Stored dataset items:

* * *

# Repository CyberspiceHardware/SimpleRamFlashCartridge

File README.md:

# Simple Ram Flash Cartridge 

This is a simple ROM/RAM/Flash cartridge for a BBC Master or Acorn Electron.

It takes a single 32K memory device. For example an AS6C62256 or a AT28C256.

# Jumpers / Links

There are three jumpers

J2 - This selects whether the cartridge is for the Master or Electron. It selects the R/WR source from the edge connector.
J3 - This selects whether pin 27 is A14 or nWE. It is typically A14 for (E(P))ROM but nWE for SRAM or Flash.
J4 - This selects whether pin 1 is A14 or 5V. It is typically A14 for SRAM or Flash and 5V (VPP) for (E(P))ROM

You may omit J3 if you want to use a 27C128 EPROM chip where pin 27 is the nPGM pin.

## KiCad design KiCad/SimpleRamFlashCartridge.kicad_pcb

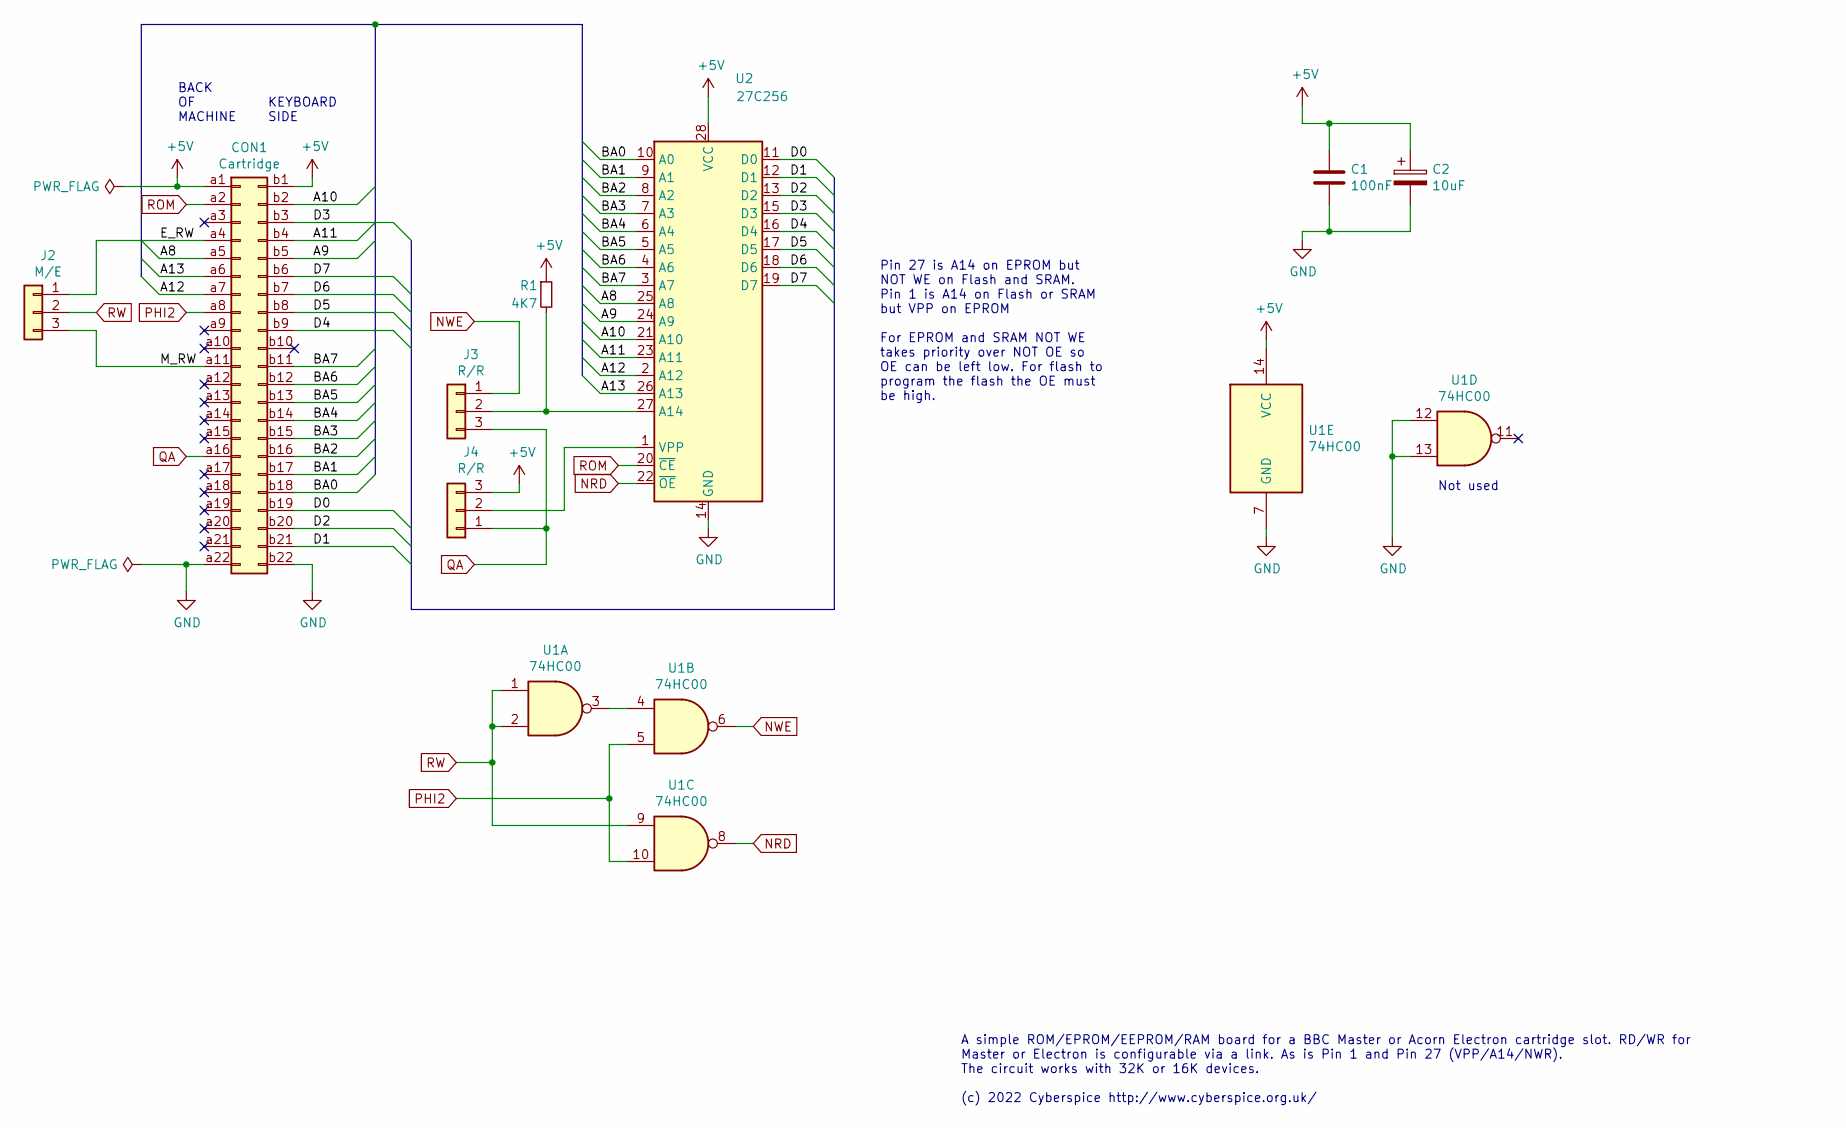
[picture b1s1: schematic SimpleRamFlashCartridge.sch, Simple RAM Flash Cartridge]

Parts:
C1: 100nF; C_Disc_D7.5mm_W2.5mm_P5.00mm
C2: 10uF; CP_Radial_D5.0mm_P2.50mm
CON1: Cartridge; ElectronCartridgeEdge
J2: M/E; PinHeader_1x03_P2.54mm_Vertical
J3, J4: R/R; PinHeader_1x03_P2.54mm_Vertical
R1: 4K7; R_Axial_DIN0204_L3.6mm_D1.6mm_P7.62mm_Horizontal
U1: 74HC00; DIP-14_W7.62mm_Socket
U2: 27C256; DIP-28_W15.24mm_Socket

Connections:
+5V: C1.1, C2.1, CON1.a1, CON1.b1, J4.3, R1.1, U1.14 (VCC), U2.28 (VCC)
/A8: CON1.a5, U2.25 (A8)
/A9: CON1.b5, U2.24 (A9)
/A10: CON1.b2, U2.21 (A10)
/A11: CON1.b4, U2.23 (A11)
/A12: CON1.a7, U2.2 (A12)
/A13: CON1.a6, U2.26 (A13)
/BA0: CON1.b18, U2.10 (A0)
/BA1: CON1.b17, U2.9 (A1)
/BA2: CON1.b16, U2.8 (A2)
/BA3: CON1.b15, U2.7 (A3)
/BA4: CON1.b14, U2.6 (A4)
/BA5: CON1.b13, U2.5 (A5)
/BA6: CON1.b12, U2.4 (A6)
/BA7: CON1.b11, U2.3 (A7)
/D0: CON1.b19, U2.11 (D0)
/D1: CON1.b21, U2.12 (D1)
/D2: CON1.b20, U2.13 (D2)
/D3: CON1.b3, U2.15 (D3)
/D4: CON1.b9, U2.16 (D4)
/D5: CON1.b8, U2.17 (D5)
/D6: CON1.b7, U2.18 (D6)
/D7: CON1.b6, U2.19 (D7)
/E_RW: CON1.a4, J2.1
/M_RW: CON1.a11, J2.3
GND: C1.2, C2.2, CON1.a22, CON1.b22, U1.7 (GND), U1.12, U1.13, U2.14 (GND)
NRD: U1.8, U2.22 (~OE)
NWE: J3.1, U1.6
unnamed: J3.2, R1.2, U2.27 (A14)
unnamed: J4.2, U2.1 (VPP)
unnamed: U1.3, U1.4
PHI2: CON1.a8, U1.5, U1.10
QA: CON1.a16, J3.3, J4.1
ROM: CON1.a2, U2.20 (~CE)
RW: J2.2, U1.1, U1.2, U1.9

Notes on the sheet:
BACK OF MACHINE
KEYBOARD SIDE
Pin 27 is A14 on EPROM but NOT WE on Flash and SRAM. Pin 1 is A14 on Flash or SRAM but VPP on EPROM For EPROM and SRAM NOT WE takes priority over NOT OE so OE can be left low. For flash to program the flash the OE must be high.
Not used
A simple ROM/EPROM/EEPROM/RAM board for a BBC Master or Acorn Electron cartridge slot. RD/WR for Master or Electron is configurable via a link. As is Pin 1 and Pin 27 (VPP/A14/NWR). The circuit works with 32K or 16K devices. (c) 2022 Cyberspice http://www.cyberspice.org.uk/

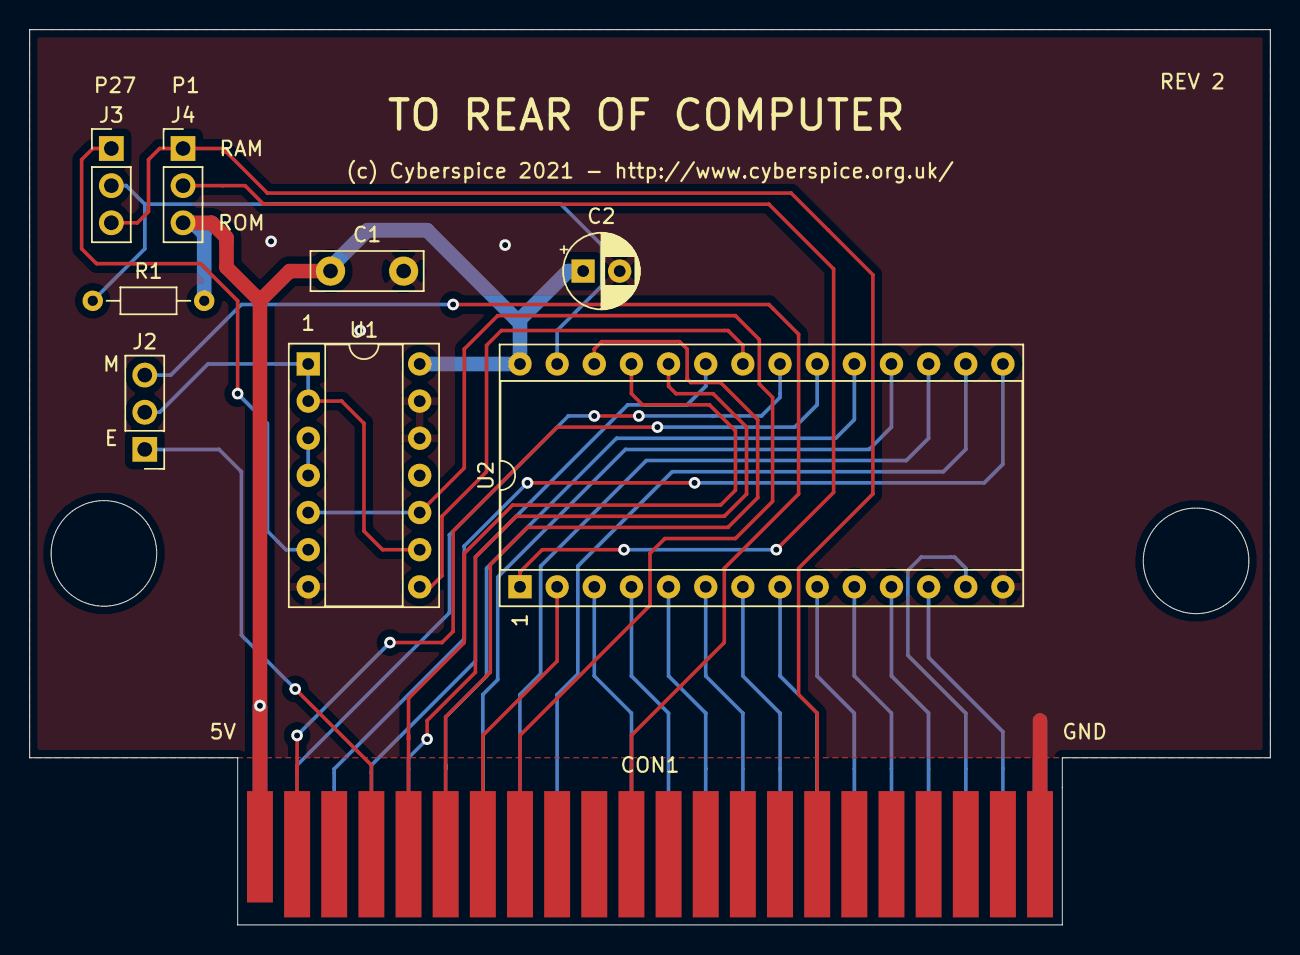
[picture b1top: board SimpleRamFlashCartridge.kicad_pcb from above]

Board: 2 copper layers, 84.8 x 61.2 mm, 9 parts (0 on the bottom side), 35 nets.

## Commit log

2022-01-26 Initial version
2022-01-29 Fixed swapping of A10 and A11. Added gerbers and schematics PDF.

* * *

■ **ASSIGNMENT**: Look for the word "Master" in the data, then return every line that contains it.

■ **RESULT OF THE EXERCISE**:
This is a simple ROM/RAM/Flash cartridge for a BBC Master or Acorn Electron.
J2 - This selects whether the cartridge is for the Master or Electron. It selects the R/WR source from the edge connector.
A simple ROM/EPROM/EEPROM/RAM board for a BBC Master or Acorn Electron cartridge slot. RD/WR for Master or Electron is configurable via a link. As is Pin 1 and Pin 27 (VPP/A14/NWR). The circuit works with 32K or 16K devices. (c) 2022 Cyberspice http://www.cyberspice.org.uk/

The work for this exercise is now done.